Once in a while having some means to level the van when parked in one of those slanted places the earth seems so full of can come in handy. Short of a multi-thousand dollar automatic hydraulic leveling system, you can go buy a set or two of those glow-in-the-dark neon yellow or orange nesting plastic blocks complete with carry case, blocks that have enough crush strength to hold up an office building, but why buy when you can build!!???
As with many of my small projects, this one started with left-overs, in this case a stick of treated 2x6. 2x8 lumber would have fit the tread width of the LT 245/75 R 16 tires better but there is a method to my
The cuts were made at a 45 degree angle. It might seem like that's done to ease the tire up on top of the board like a ramp but for that to work the angle would have to be more like 20 or 25 degrees and the board would be getting pretty long by then. Instead the 45 degree angle is there so that when the tire is climbing up onto the board and the center of the axle is ahead of or directly over the top edge of the cut the weight of the van isn't transferred directly down to the very bottom edge of the board which might cause it to flip up or loose traction and skid away, either of which would screw up the whole process! Instead the weight is transferred down 1 1/4" back from the edge (1 1/4 instead of 1 1/2 because I clipped that other 1/4" off so there's no sharp points.) and that extra little bit acts as a lever to keep the board flat on the ground, which also maintains maximum contact, therefor friction, with the ground which helps the whole thing stay in place rather than skidding off.
After careful marking, it was over to the drill press where I punched a couple of 1" holes through each of the short boards near the beveled end.
From the drill press it was over to the table saw where I cut four 2 1/2" lengths off of a 1" oak dowel I had hanging around. To make it easier to get consistent lengths I used a stop block, but never, ever, leave the stop block opposite the blade where the cutoff will be trapped between block and spinning blade! This usually results in the cutoff being launched at very high velocity right at your head! Always clamp the stop block to your rip fence making sure it a pulled back clear of the blade. Then all you do is put the material against the miter guide, slide it to the left until it touches the stop block, then push the miter gauge forward into the blade. Now the cutoff has plenty of room to hang out there between the rip fence and the spinning blade. BUT, don't reach in there to retrieve it until the blade has come to a complete stop. If you do you might have trouble playing the piano this evening!
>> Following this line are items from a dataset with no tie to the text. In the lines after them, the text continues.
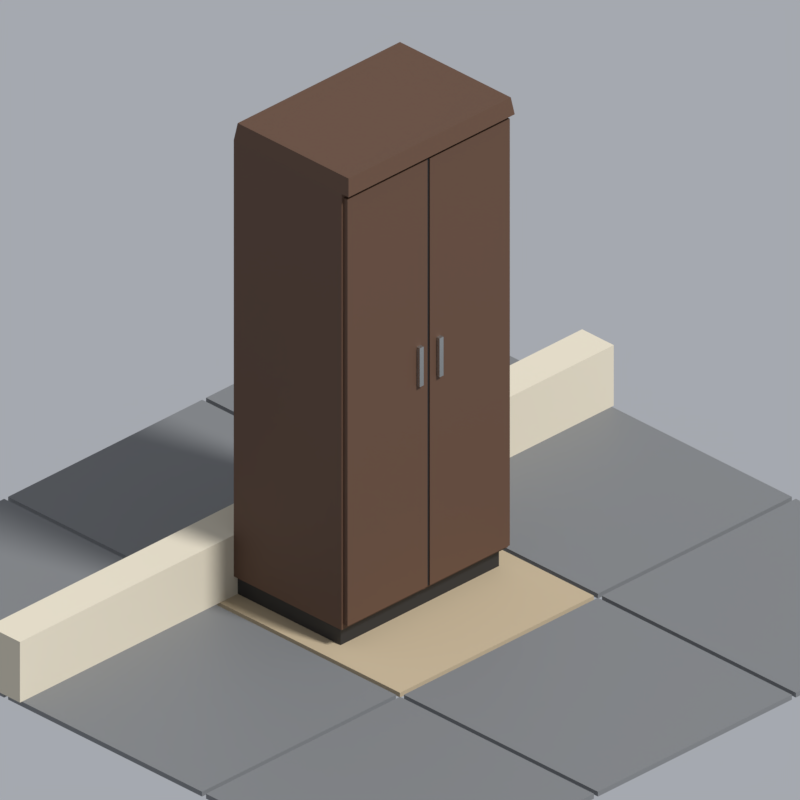 # Source: wardrobe.blend  (saved by Blender 5.2.45; exported with 4.5.12 LTS)
import bpy
from mathutils import Matrix  # noqa: F401  (used for matrix-valued properties, if any)

bpy.ops.wm.read_factory_settings(use_empty=True)
scene = bpy.context.scene
scene.name = 'Scene'

# ---- collections
col_asset = bpy.data.collections.new('Asset'); scene.collection.children.link(col_asset)
col_review = bpy.data.collections.new('Review'); scene.collection.children.link(col_review)

# ---- materials (node trees are filled in below, after node groups)
mat_pal_plastic_black = bpy.data.materials.new('pal.plastic_black')
mat_pal_plastic_black.diffuse_color = (0.01764, 0.01764, 0.01938, 1.0)
mat_pal_plastic_black.roughness = 0.5
mat_pal_wood_walnut = bpy.data.materials.new('pal.wood_walnut')
mat_pal_wood_walnut.diffuse_color = (0.107, 0.05286, 0.02956, 1.0)
mat_pal_wood_walnut.roughness = 0.7
mat_pal_chrome = bpy.data.materials.new('pal.chrome')
mat_pal_chrome.diffuse_color = (0.521, 0.5395, 0.5395, 1.0)
mat_pal_chrome.roughness = 0.2
mat_pal_chrome.metallic = 0.9
mat_pal_plastic_grey = bpy.data.materials.new('pal.plastic_grey')
mat_pal_plastic_grey.diffuse_color = (0.1812, 0.1878, 0.1946, 1.0)
mat_pal_plastic_grey.roughness = 0.55
mat_pal_fabric_beige = bpy.data.materials.new('pal.fabric_beige')
mat_pal_fabric_beige.diffuse_color = (0.4621, 0.3712, 0.2423, 1.0)
mat_pal_fabric_beige.roughness = 0.95
mat_pal_sheet_cream = bpy.data.materials.new('pal.sheet_cream')
mat_pal_sheet_cream.diffuse_color = (0.6724, 0.6105, 0.4793, 1.0)
mat_pal_sheet_cream.roughness = 0.95

# ---- material node trees
mat_pal_plastic_black.use_nodes = True; mat_pal_plastic_black.node_tree.nodes.clear()
_N = mat_pal_plastic_black.node_tree.nodes; _L = mat_pal_plastic_black.node_tree.links
n0 = _N.new('ShaderNodeBsdfPrincipled'); n0.name = 'Principled BSDF'; n0.location = (-200, 100)
n0.inputs[0].default_value = (0.01764, 0.01764, 0.01938, 1.0)
n0.inputs[10].default_value = 0.005
n1 = _N.new('ShaderNodeOutputMaterial'); n1.name = 'Material Output'; n1.location = (200, 100)
_L.new(n0.outputs[0], n1.inputs[0])
n1.is_active_output = True
mat_pal_wood_walnut.use_nodes = True; mat_pal_wood_walnut.node_tree.nodes.clear()
_N = mat_pal_wood_walnut.node_tree.nodes; _L = mat_pal_wood_walnut.node_tree.links
n0 = _N.new('ShaderNodeBsdfPrincipled'); n0.name = 'Principled BSDF'; n0.location = (-200, 100)
n0.inputs[0].default_value = (0.107, 0.05286, 0.02956, 1.0)
n0.inputs[2].default_value = 0.7
n0.inputs[10].default_value = 0.005
n1 = _N.new('ShaderNodeOutputMaterial'); n1.name = 'Material Output'; n1.location = (200, 100)
_L.new(n0.outputs[0], n1.inputs[0])
n1.is_active_output = True
mat_pal_chrome.use_nodes = True; mat_pal_chrome.node_tree.nodes.clear()
_N = mat_pal_chrome.node_tree.nodes; _L = mat_pal_chrome.node_tree.links
n0 = _N.new('ShaderNodeBsdfPrincipled'); n0.name = 'Principled BSDF'; n0.location = (-200, 100)
n0.inputs[0].default_value = (0.521, 0.5395, 0.5395, 1.0)
n0.inputs[1].default_value = 0.9
n0.inputs[2].default_value = 0.2
n0.inputs[10].default_value = 0.005
n1 = _N.new('ShaderNodeOutputMaterial'); n1.name = 'Material Output'; n1.location = (200, 100)
_L.new(n0.outputs[0], n1.inputs[0])
n1.is_active_output = True
mat_pal_plastic_grey.use_nodes = True; mat_pal_plastic_grey.node_tree.nodes.clear()
_N = mat_pal_plastic_grey.node_tree.nodes; _L = mat_pal_plastic_grey.node_tree.links
n0 = _N.new('ShaderNodeBsdfPrincipled'); n0.name = 'Principled BSDF'; n0.location = (-200, 100)
n0.inputs[0].default_value = (0.1812, 0.1878, 0.1946, 1.0)
n0.inputs[2].default_value = 0.55
n0.inputs[10].default_value = 0.005
n1 = _N.new('ShaderNodeOutputMaterial'); n1.name = 'Material Output'; n1.location = (200, 100)
_L.new(n0.outputs[0], n1.inputs[0])
n1.is_active_output = True
mat_pal_fabric_beige.use_nodes = True; mat_pal_fabric_beige.node_tree.nodes.clear()
_N = mat_pal_fabric_beige.node_tree.nodes; _L = mat_pal_fabric_beige.node_tree.links
n0 = _N.new('ShaderNodeBsdfPrincipled'); n0.name = 'Principled BSDF'; n0.location = (-200, 100)
n0.inputs[0].default_value = (0.4621, 0.3712, 0.2423, 1.0)
n0.inputs[2].default_value = 0.95
n0.inputs[10].default_value = 0.005
n1 = _N.new('ShaderNodeOutputMaterial'); n1.name = 'Material Output'; n1.location = (200, 100)
_L.new(n0.outputs[0], n1.inputs[0])
n1.is_active_output = True
mat_pal_sheet_cream.use_nodes = True; mat_pal_sheet_cream.node_tree.nodes.clear()
_N = mat_pal_sheet_cream.node_tree.nodes; _L = mat_pal_sheet_cream.node_tree.links
n0 = _N.new('ShaderNodeBsdfPrincipled'); n0.name = 'Principled BSDF'; n0.location = (-200, 100)
n0.inputs[0].default_value = (0.6724, 0.6105, 0.4793, 1.0)
n0.inputs[2].default_value = 0.95
n0.inputs[10].default_value = 0.005
n1 = _N.new('ShaderNodeOutputMaterial'); n1.name = 'Material Output'; n1.location = (200, 100)
_L.new(n0.outputs[0], n1.inputs[0])
n1.is_active_output = True

# ---- world
world_review_world = bpy.data.worlds.new('review_world'); scene.world = world_review_world
world_review_world.use_nodes = True; world_review_world.node_tree.nodes.clear()
_N = world_review_world.node_tree.nodes; _L = world_review_world.node_tree.links
n0 = _N.new('ShaderNodeBackground'); n0.name = 'Background'; n0.location = (-200, 100)
n0.inputs[0].default_value = (0.42, 0.44, 0.48, 1.0)
n0.inputs[1].default_value = 0.9
n1 = _N.new('ShaderNodeOutputWorld'); n1.name = 'World Output'; n1.location = (200, 100)
_L.new(n0.outputs[0], n1.inputs[0])
n1.is_active_output = True
world_review_world.color = (0.42, 0.44, 0.48)

# ---- cameras
cam_review_camera = bpy.data.cameras.new('review_camera')
cam_review_camera.type = 'ORTHO'
cam_review_camera.clip_end = 60.0
cam_review_camera.ortho_scale = 2.858

# ---- lights
light_review_sun = bpy.data.lights.new('review_sun', 'SUN')
light_review_sun.angle = 0.1396
light_review_sun.energy = 3.2

# ---- meshes
me_wardrobe = bpy.data.meshes.new('wardrobe')
me_wardrobe.from_pydata([(-0.4, -0.1, 0.0), (0.4, -0.1, 0.0), (0.4, 0.42, 0.0), (-0.4, 0.42, 0.0), (-0.4, -0.1, 0.08), (0.4, -0.1, 0.08), (0.4, 0.42, 0.08), (-0.4, 0.42, 0.08), (-0.42, -0.125, 0.08), (0.42, -0.125, 0.08), (0.42, 0.42, 0.08), (-0.42, 0.42, 0.08), (-0.42, -0.125, 1.88), (0.42, -0.125, 1.88), (0.42, 0.42, 1.88), (-0.42, 0.42, 1.88), (-0.42, -0.16, 1.88), (0.42, -0.16, 1.88), (0.42, 0.42, 1.88), (-0.42, 0.42, 1.88), (-0.41, -0.15, 1.95), (0.41, -0.15, 1.95), (0.41, 0.41, 1.95), (-0.41, 0.41, 1.95), (-0.41, -0.145, 0.1), (-0.006, -0.145, 0.1), (-0.006, -0.125, 0.1), (-0.41, -0.125, 0.1), (-0.41, -0.145, 1.86), (-0.006, -0.145, 1.86), (-0.006, -0.125, 1.86), (-0.41, -0.125, 1.86), (0.006, -0.145, 0.1), (0.41, -0.145, 0.1), (0.41, -0.125, 0.1), (0.006, -0.125, 0.1), (0.006, -0.145, 1.86), (0.41, -0.145, 1.86), (0.41, -0.125, 1.86), (0.006, -0.125, 1.86), (-0.006, -0.14, 0.1), (0.006, -0.14, 0.1), (0.006, -0.125, 0.1), (-0.006, -0.125, 0.1), (-0.006, -0.14, 1.86), (0.006, -0.14, 1.86), (0.006, -0.125, 1.86), (-0.006, -0.125, 1.86), (-0.06, -0.16, 0.95), (-0.04, -0.16, 0.95), (-0.04, -0.145, 0.95), (-0.06, -0.145, 0.95), (-0.06, -0.16, 1.11), (-0.04, -0.16, 1.11), (-0.04, -0.145, 1.11), (-0.06, -0.145, 1.11), (0.04, -0.16, 0.95), (0.06, -0.16, 0.95), (0.06, -0.145, 0.95), (0.04, -0.145, 0.95), (0.04, -0.16, 1.11), (0.06, -0.16, 1.11), (0.06, -0.145, 1.11), (0.04, -0.145, 1.11)], [], [(0, 3, 2, 1), (4, 5, 6, 7), (0, 1, 5, 4), (2, 3, 7, 6), (3, 0, 4, 7), (1, 2, 6, 5), (8, 11, 10, 9), (12, 13, 14, 15), (8, 9, 13, 12), (10, 11, 15, 14), (11, 8, 12, 15), (9, 10, 14, 13), (16, 19, 18, 17), (20, 21, 22, 23), (16, 17, 21, 20), (18, 19, 23, 22), (19, 16, 20, 23), (17, 18, 22, 21), (24, 27, 26, 25), (28, 29, 30, 31), (24, 25, 29, 28), (26, 27, 31, 30), (27, 24, 28, 31), (25, 26, 30, 29), (32, 35, 34, 33), (36, 37, 38, 39), (32, 33, 37, 36), (34, 35, 39, 38), (35, 32, 36, 39), (33, 34, 38, 37), (40, 43, 42, 41), (44, 45, 46, 47), (40, 41, 45, 44), (42, 43, 47, 46), (43, 40, 44, 47), (41, 42, 46, 45), (48, 51, 50, 49), (52, 53, 54, 55), (48, 49, 53, 52), (50, 51, 55, 54), (51, 48, 52, 55), (49, 50, 54, 53), (56, 59, 58, 57), (60, 61, 62, 63), (56, 57, 61, 60), (58, 59, 63, 62), (59, 56, 60, 63), (57, 58, 62, 61)])
me_wardrobe.polygons.foreach_set('material_index', [0, 0, 0, 0, 0, 0, 1, 1, 1, 1, 1, 1, 1, 1, 1, 1, 1, 1, 1, 1, 1, 1, 1, 1, 1, 1, 1, 1, 1, 1, 0, 0, 0, 0, 0, 0, 2, 2, 2, 2, 2, 2, 2, 2, 2, 2, 2, 2])
_uv = me_wardrobe.uv_layers.new(name='Float2')
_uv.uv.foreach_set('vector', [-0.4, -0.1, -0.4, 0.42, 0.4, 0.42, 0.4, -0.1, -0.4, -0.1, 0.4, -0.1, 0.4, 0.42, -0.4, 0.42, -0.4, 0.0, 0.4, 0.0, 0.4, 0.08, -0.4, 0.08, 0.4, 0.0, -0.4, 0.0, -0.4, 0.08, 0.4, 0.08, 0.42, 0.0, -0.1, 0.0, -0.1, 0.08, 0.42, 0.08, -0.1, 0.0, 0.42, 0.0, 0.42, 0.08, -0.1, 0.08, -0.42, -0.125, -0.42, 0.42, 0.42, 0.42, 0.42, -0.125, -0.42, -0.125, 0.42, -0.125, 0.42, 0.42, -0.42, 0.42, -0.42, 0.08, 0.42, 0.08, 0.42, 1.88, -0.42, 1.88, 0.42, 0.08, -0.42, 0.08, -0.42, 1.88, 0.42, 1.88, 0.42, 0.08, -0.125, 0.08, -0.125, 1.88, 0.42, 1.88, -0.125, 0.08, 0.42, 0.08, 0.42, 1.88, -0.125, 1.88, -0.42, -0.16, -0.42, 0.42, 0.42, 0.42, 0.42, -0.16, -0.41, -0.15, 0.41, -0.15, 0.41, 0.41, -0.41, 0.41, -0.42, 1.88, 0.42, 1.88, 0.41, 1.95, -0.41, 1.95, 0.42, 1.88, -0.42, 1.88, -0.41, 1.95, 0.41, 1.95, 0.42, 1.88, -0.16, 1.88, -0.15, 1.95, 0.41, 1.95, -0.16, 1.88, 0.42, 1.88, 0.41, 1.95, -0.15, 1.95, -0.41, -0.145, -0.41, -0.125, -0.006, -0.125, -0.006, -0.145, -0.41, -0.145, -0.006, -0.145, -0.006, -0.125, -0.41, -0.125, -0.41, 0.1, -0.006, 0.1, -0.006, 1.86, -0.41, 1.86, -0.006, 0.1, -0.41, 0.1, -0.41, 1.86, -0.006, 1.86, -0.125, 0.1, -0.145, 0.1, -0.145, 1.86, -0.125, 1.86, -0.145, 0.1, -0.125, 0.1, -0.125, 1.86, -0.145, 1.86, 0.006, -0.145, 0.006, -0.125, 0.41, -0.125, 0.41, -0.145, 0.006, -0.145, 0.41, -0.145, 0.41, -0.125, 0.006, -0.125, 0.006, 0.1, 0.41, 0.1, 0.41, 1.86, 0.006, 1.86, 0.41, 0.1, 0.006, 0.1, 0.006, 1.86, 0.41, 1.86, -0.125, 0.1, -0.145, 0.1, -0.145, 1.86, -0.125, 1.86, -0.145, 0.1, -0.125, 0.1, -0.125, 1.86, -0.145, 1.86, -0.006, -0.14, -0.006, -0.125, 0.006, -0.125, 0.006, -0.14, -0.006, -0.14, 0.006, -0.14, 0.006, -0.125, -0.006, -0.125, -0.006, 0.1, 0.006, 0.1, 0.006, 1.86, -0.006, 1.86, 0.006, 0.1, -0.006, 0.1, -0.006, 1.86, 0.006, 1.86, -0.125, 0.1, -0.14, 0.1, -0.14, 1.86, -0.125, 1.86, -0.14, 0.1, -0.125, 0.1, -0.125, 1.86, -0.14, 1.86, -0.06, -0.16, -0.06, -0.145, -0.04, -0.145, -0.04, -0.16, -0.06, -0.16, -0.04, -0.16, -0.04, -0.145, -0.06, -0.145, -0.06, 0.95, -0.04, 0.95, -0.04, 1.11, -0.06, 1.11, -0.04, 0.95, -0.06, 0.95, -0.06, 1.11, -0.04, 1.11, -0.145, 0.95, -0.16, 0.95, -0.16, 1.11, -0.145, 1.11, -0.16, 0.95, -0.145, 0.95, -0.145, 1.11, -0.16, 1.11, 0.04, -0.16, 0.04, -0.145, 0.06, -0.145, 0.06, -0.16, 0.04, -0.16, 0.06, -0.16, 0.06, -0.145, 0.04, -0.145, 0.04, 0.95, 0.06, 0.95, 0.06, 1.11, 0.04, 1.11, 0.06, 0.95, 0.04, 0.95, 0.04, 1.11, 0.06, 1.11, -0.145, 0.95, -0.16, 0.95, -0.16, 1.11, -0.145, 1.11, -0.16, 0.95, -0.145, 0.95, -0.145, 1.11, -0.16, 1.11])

Once the four dowels were cut this is the setup for putting a bevel on one end of each. Belt sander clamped securely in the bench vice and gloves to ensure that if I slip I'll loose a little cowhide and not any peoplehide. If I was doing any more sanding than this I'd have a hose from the vacuum system plugged into the belt sander.
A couple minutes later I have bevels on what will be the exposed end of all 4 dowels.
A bit of glue and the un-beveled end of a dowel is twisted into each of those 1" holes I drilled earlier and pushed until it's flush with what will be the top of the block.
All those other holes? Didn't I mention those yet? OK, so I had so much fun over at the drill press that after careful marking, I drilled 1 1/8" holes all over the place through all 4 pieces.
One pair of these holes in each of the long pieces is to accept the dowels protruding from the bottom of the short pieces so that when stacked they stay that way. The rest of the holes?
They left a whole lot of extra weight laying on the floor of my shop so that I don't have to carry it around in the van with me. Besides, the extra holes in the long boards just might increase traction if the board wants to slip as I'm driving up on it.
So why not use 2x8's for the blocks. Because the van has these tilt-open compartments in the bottom of each door that, up until now, I didn't have any other use for. But they're perfect for this! Utilizing otherwise empty space and at the same time keeping grimy, dripping, muddy things out of the van's interior. Instead all that gunk is now in a place where it will just drain into the foot-wells rather than create abstract mud-art all over my sheets or something equally important.
Blocks 5 1/2 inches wide fit in these compartments nicely, blocks 7 1/2 inches wide, not so much. One more use for all the extra holes I drilled is that when storing them I can nest the short block into the long block so that the hole thing (Get it?! Hole thing!!!) nestles neatly into the slightly curved storage compartments.
For some reason the designers of the van decided to add a little extra crap to the passenger-side storage compartment. I think maybe it's sized to hold a quart sized container of oil, but it was in my way.
So I got out my Ridged Jobmax Multi-tool and removed the extra bits.
So there you have it. Now, instead of fighting to keep the pan from sliding off the stove or sleeping with my feet higher than my head, I can quickly adjust the level of my house. With my short 144" wheelbase, if I need more than a 3" lift maybe I should be looking for another spot to park instead! Besides, having done it before, I know that accidentally driving off the back side of a 3" stack isn't all that bad; startling, but not bad; doing the same thing off a 4 1/2 stack, even if I had room to store a stack that size, is - well - BAD!